[Data entries]
----------

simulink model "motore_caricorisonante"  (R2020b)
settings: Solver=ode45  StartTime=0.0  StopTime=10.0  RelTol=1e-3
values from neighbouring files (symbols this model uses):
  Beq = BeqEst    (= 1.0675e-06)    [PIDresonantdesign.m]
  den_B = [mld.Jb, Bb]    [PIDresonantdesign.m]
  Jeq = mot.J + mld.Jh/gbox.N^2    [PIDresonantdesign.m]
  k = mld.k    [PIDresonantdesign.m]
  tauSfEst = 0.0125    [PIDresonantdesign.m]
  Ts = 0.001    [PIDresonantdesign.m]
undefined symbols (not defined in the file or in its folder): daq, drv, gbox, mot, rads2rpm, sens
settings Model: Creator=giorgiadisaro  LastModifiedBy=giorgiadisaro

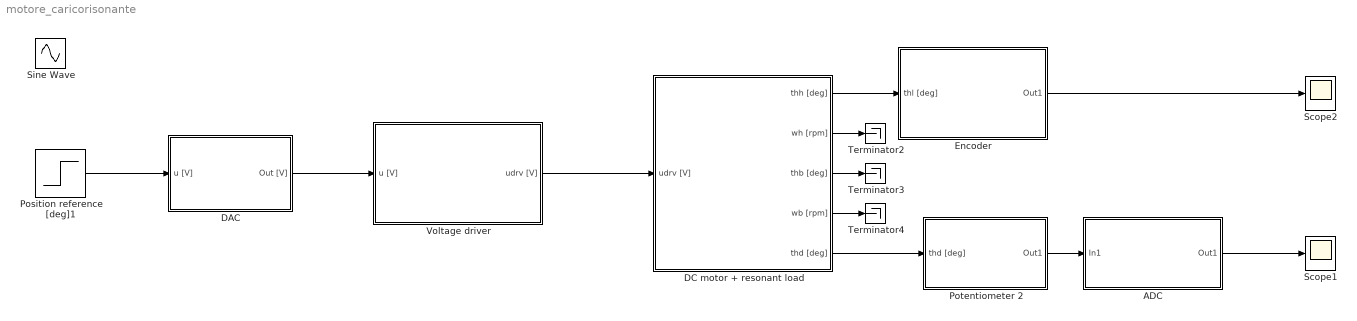
== system motore_caricorisonante ==
  ADC : Subsystem
  DAC : Subsystem
  DC motor + resonant load : Subsystem
  Encoder : Subsystem
  Position reference [deg]1 : Step  Time=0  After=50  SampleTime=0
  Potentiometer 2 : Subsystem
  Scope1 : Scope
  Scope2 : Scope
  Sine Wave : Sin  Amplitude=50  Frequency=120  SampleTime=0
  Terminator2 : Terminator
  Terminator3 : Terminator
  Terminator4 : Terminator
  Voltage driver : Subsystem
  wires:
  DAC/1(Out [V]) -> Voltage driver/1(u [V])
  Voltage driver/1(udrv [V]) -> DC motor + resonant load/1(udrv [V])
  Potentiometer 2/1(Out1) -> ADC/1(In1)
  DC motor + resonant load/5(thd [deg]) -> Potentiometer 2/1(thd [deg])
  ADC/1(Out1) -> Scope1/1
  DC motor + resonant load/2(wh [rpm]) -> Terminator2/1
  DC motor + resonant load/3(thb [deg]) -> Terminator3/1
  DC motor + resonant load/4(wb [rpm]) -> Terminator4/1
  DC motor + resonant load/1("thh [deg] ") -> Encoder/1("thl [deg] ")
  Encoder/1(Out1) -> Scope2/1
  Position reference [deg]1/1 -> DAC/1(u [V])

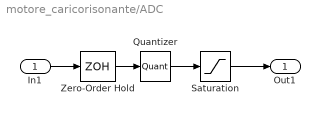
== system motore_caricorisonante/ADC ==
  In1 : Inport
  Quantizer : Quantizer  QuantizationInterval=daq.adc.q
  Saturation : Saturate  UpperLimit=daq.adc.fs  LowerLimit=-daq.adc.fs
  Zero-Order Hold : ZeroOrderHold  SampleTime=Ts
  Out1 : Outport
  wires:
  Saturation/1 -> Out1/1
  Quantizer/1 -> Saturation/1
  Zero-Order Hold/1 -> Quantizer/1
  In1/1 -> Zero-Order Hold/1

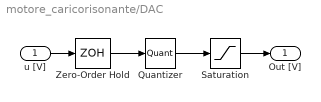
== system motore_caricorisonante/DAC ==
  u [V] : Inport
  Quantizer : Quantizer  QuantizationInterval=daq.dac.q
  Saturation : Saturate  UpperLimit=daq.dac.fs  LowerLimit=-daq.dac.fs
  Zero-Order Hold : ZeroOrderHold  SampleTime=Ts
  Out [V] : Outport
  wires:
  u [V]/1 -> Zero-Order Hold/1
  Zero-Order Hold/1 -> Quantizer/1
  Quantizer/1 -> Saturation/1
  Saturation/1 -> Out [V]/1

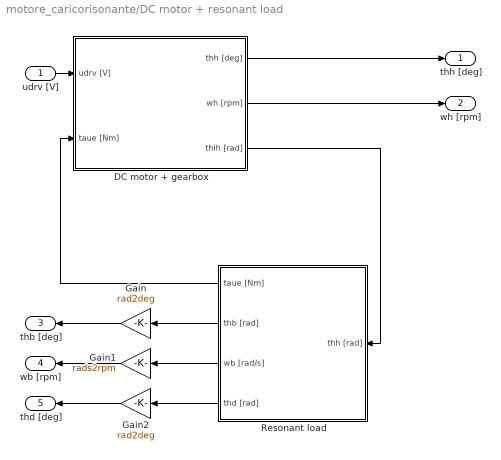
== system motore_caricorisonante/DC motor + resonant load ==
  udrv [V] : Inport
  DC motor + gearbox : Subsystem
  Gain : Gain  Gain=rad2deg
  Gain1 : Gain  Gain=rads2rpm
  Gain2 : Gain  Gain=rad2deg
  Resonant load : Subsystem
  "thh [deg] " : Outport
  wh [rpm] : Outport  Port=2
  thb [deg] : Outport  Port=3
  wb [rpm] : Outport  Port=4
  thd [deg] : Outport  Port=5
  wires:
  DC motor + gearbox/3(thlh [rad]) -> Resonant load/1(thh [rad])
  DC motor + gearbox/1("thh [deg] ") -> "thh [deg] "/1
  Resonant load/1(taue [Nm]) -> DC motor + gearbox/2(taue [Nm])
  udrv [V]/1 -> DC motor + gearbox/1(udrv [V])
  DC motor + gearbox/2(wh [rpm]) -> wh [rpm]/1
  Resonant load/2(thb [rad]) -> Gain/1
  Gain/1 -> thb [deg]/1
  Gain1/1 -> wb [rpm]/1
  Resonant load/3(wb [rad/s]) -> Gain1/1
  Resonant load/4(thd [rad]) -> Gain2/1
  Gain2/1 -> thd [deg]/1

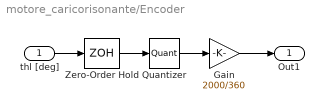
== system motore_caricorisonante/Encoder ==
  "thl [deg] " : Inport
  Gain : Gain  Gain=2000/360
  Quantizer : Quantizer  QuantizationInterval=360/(500*4)
  Zero-Order Hold : ZeroOrderHold  SampleTime=Ts
  Out1 : Outport
  wires:
  "thl [deg] "/1 -> Zero-Order Hold/1
  Zero-Order Hold/1 -> Quantizer/1
  Quantizer/1 -> Gain/1
  Gain/1 -> Out1/1

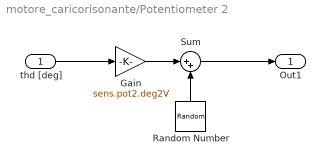
== system motore_caricorisonante/Potentiometer 2 ==
  thd [deg] : Inport
  Gain : Gain  Gain=sens.pot2.deg2V
  Random Number : RandomNumber  Variance=sens.pot2.noise.var  SampleTime=Ts
  Sum : Sum  Inputs=|++
  Out1 : Outport
  wires:
  thd [deg]/1 -> Gain/1
  Gain/1 -> Sum/1
  Sum/1 -> Out1/1
  Random Number/1 -> Sum/2

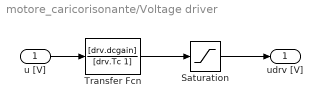
== system motore_caricorisonante/Voltage driver ==
  u [V] : Inport
  Saturation : Saturate  UpperLimit=drv.outmax  LowerLimit=-drv.outmax
  Transfer Fcn : TransferFcn  Numerator=[drv.dcgain]  Denominator=[drv.Tc 1]
  udrv [V] : Outport
  wires:
  u [V]/1 -> Transfer Fcn/1
  Transfer Fcn/1 -> Saturation/1
  Saturation/1 -> udrv [V]/1

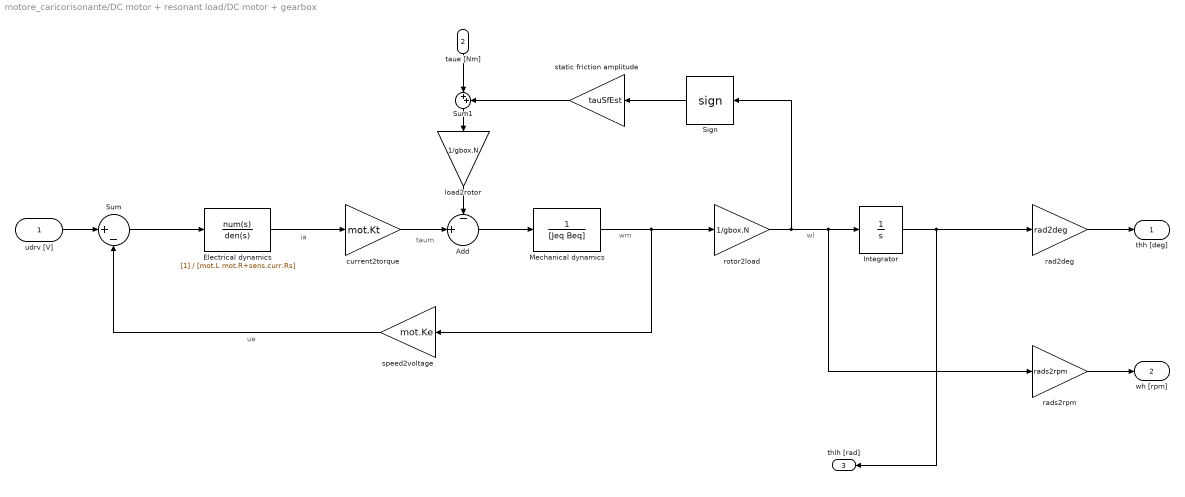
== system motore_caricorisonante/DC motor + resonant load/DC motor + gearbox ==
  note: wl
  note: wm
  note: ue
  note: taum
  note: ia
  udrv [V] : Inport
  taue [Nm] : Inport  Port=2
  Add : Sum  Inputs=-|+||
  Electrical dynamics : TransferFcn  Denominator=[mot.L mot.R+sens.curr.Rs]
  Integrator : Integrator
  Mechanical dynamics : TransferFcn  Denominator=[Jeq Beq]
  Sign : Signum  ZeroCross=off
  Sum : Sum  Inputs=|+-
  Sum1 : Sum  Inputs=|++
  current2torque : Gain  Gain=mot.Kt
  load2rotor : Gain  Gain=1/gbox.N
  rad2deg : Gain  Gain=rad2deg
  rads2rpm : Gain  Gain=rads2rpm
  rotor2load : Gain  Gain=1/gbox.N
  speed2voltage : Gain  Gain=mot.Ke
  static friction amplitude : Gain  Gain=tauSfEst
  "thh [deg] " : Outport
  wh [rpm] : Outport  Port=2
  thlh [rad] : Outport  Port=3
  wires:
  udrv [V]/1 -> Sum/1
  Electrical dynamics/1 -> current2torque/1
  current2torque/1 -> Add/2
  load2rotor/1 -> Add/1
  Sign/1 -> static friction amplitude/1
  speed2voltage/1 -> Sum/2
  rad2deg/1 -> "thh [deg] "/1
  Add/1 -> Mechanical dynamics/1
  Mechanical dynamics/1 -> speed2voltage/1, rotor2load/1
  rads2rpm/1 -> wh [rpm]/1
  Sum/1 -> Electrical dynamics/1
  rotor2load/1 -> Sign/1, rads2rpm/1, Integrator/1
  Integrator/1 -> thlh [rad]/1, rad2deg/1
  Sum1/1 -> load2rotor/1
  static friction amplitude/1 -> Sum1/2
  taue [Nm]/1 -> Sum1/1

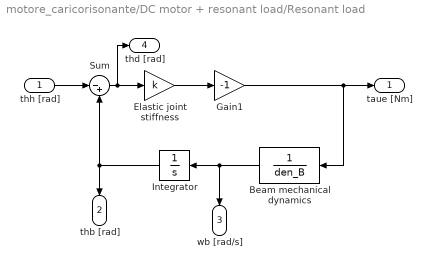
== system motore_caricorisonante/DC motor + resonant load/Resonant load ==
  thh [rad] : Inport
  Beam mechanical dynamics : TransferFcn  Denominator=den_B
  Elastic joint stiffness : Gain  Gain=k
  Gain1 : Gain  Gain=-1
  Integrator : Integrator
  Sum : Sum  Inputs=|-+
  taue [Nm] : Outport
  thb [rad] : Outport  Port=2
  wb [rad/s] : Outport  Port=3
  thd [rad] : Outport  Port=4
  wires:
  thh [rad]/1 -> Sum/1
  Integrator/1 -> thb [rad]/1, Sum/2
  Beam mechanical dynamics/1 -> Integrator/1, wb [rad/s]/1
  Sum/1 -> thd [rad]/1, Elastic joint stiffness/1
  Elastic joint stiffness/1 -> Gain1/1
  Gain1/1 -> Beam mechanical dynamics/1, taue [Nm]/1

----------

*Exercise prompt*:
Extract from the data every line where "Potentiometer" shows up.

*Answer for the task*:
  Potentiometer 2 : Subsystem
  Potentiometer 2/1(Out1) -> ADC/1(In1)
  DC motor + resonant load/5(thd [deg]) -> Potentiometer 2/1(thd [deg])
== system motore_caricorisonante/Potentiometer 2 ==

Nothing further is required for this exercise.